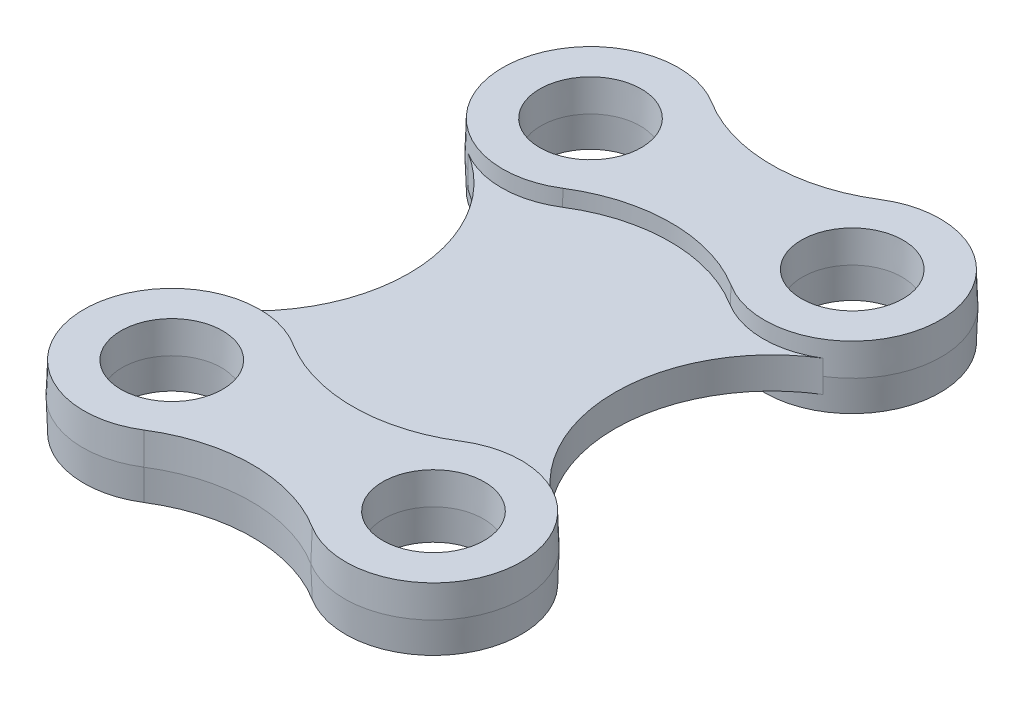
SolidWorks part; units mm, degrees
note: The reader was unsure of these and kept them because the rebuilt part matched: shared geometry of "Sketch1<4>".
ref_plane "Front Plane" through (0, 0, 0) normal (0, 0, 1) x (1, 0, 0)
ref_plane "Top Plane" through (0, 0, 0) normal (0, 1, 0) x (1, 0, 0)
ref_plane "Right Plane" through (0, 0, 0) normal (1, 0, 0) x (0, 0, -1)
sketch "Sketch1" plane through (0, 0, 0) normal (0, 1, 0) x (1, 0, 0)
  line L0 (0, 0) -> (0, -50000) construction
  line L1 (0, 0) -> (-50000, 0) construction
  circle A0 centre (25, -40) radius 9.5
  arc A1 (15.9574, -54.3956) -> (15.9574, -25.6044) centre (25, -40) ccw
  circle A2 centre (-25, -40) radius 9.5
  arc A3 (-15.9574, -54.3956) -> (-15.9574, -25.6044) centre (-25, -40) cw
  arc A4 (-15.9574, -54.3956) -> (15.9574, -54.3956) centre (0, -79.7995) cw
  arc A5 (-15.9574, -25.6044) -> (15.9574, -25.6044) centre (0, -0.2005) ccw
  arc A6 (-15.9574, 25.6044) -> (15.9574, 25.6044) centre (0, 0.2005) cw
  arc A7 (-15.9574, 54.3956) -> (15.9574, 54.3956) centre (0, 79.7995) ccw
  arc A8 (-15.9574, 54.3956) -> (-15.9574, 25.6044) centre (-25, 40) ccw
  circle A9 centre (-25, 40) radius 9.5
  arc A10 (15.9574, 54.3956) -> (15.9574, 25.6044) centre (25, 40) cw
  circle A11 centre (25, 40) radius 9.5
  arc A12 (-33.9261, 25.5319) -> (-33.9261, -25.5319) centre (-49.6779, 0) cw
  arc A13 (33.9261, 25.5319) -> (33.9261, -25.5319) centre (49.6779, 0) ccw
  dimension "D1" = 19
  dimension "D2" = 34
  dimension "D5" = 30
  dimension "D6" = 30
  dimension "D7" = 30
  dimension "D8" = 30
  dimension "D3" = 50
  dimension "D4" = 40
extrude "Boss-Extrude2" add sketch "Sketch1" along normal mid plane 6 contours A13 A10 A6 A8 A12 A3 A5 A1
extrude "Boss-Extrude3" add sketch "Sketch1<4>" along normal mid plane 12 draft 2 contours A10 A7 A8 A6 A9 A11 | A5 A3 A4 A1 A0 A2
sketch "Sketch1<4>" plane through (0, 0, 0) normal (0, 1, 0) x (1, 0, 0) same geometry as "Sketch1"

**What you will do**
Set down exactly, and only, the lines from the one containing "0) x (0, 0, -1)" to the final line of the data.

**Answer section**
ref_plane "Right Plane" through (0, 0, 0) normal (1, 0, 0) x (0, 0, -1)
sketch "Sketch1" plane through (0, 0, 0) normal (0, 1, 0) x (1, 0, 0)
  line L0 (0, 0) -> (0, -50000) construction
  line L1 (0, 0) -> (-50000, 0) construction
  circle A0 centre (25, -40) radius 9.5
  arc A1 (15.9574, -54.3956) -> (15.9574, -25.6044) centre (25, -40) ccw
  circle A2 centre (-25, -40) radius 9.5
  arc A3 (-15.9574, -54.3956) -> (-15.9574, -25.6044) centre (-25, -40) cw
  arc A4 (-15.9574, -54.3956) -> (15.9574, -54.3956) centre (0, -79.7995) cw
  arc A5 (-15.9574, -25.6044) -> (15.9574, -25.6044) centre (0, -0.2005) ccw
  arc A6 (-15.9574, 25.6044) -> (15.9574, 25.6044) centre (0, 0.2005) cw
  arc A7 (-15.9574, 54.3956) -> (15.9574, 54.3956) centre (0, 79.7995) ccw
  arc A8 (-15.9574, 54.3956) -> (-15.9574, 25.6044) centre (-25, 40) ccw
  circle A9 centre (-25, 40) radius 9.5
  arc A10 (15.9574, 54.3956) -> (15.9574, 25.6044) centre (25, 40) cw
  circle A11 centre (25, 40) radius 9.5
  arc A12 (-33.9261, 25.5319) -> (-33.9261, -25.5319) centre (-49.6779, 0) cw
  arc A13 (33.9261, 25.5319) -> (33.9261, -25.5319) centre (49.6779, 0) ccw
  dimension "D1" = 19
  dimension "D2" = 34
  dimension "D5" = 30
  dimension "D6" = 30
  dimension "D7" = 30
  dimension "D8" = 30
  dimension "D3" = 50
  dimension "D4" = 40
extrude "Boss-Extrude2" add sketch "Sketch1" along normal mid plane 6 contours A13 A10 A6 A8 A12 A3 A5 A1
extrude "Boss-Extrude3" add sketch "Sketch1<4>" along normal mid plane 12 draft 2 contours A10 A7 A8 A6 A9 A11 | A5 A3 A4 A1 A0 A2
sketch "Sketch1<4>" plane through (0, 0, 0) normal (0, 1, 0) x (1, 0, 0) same geometry as "Sketch1"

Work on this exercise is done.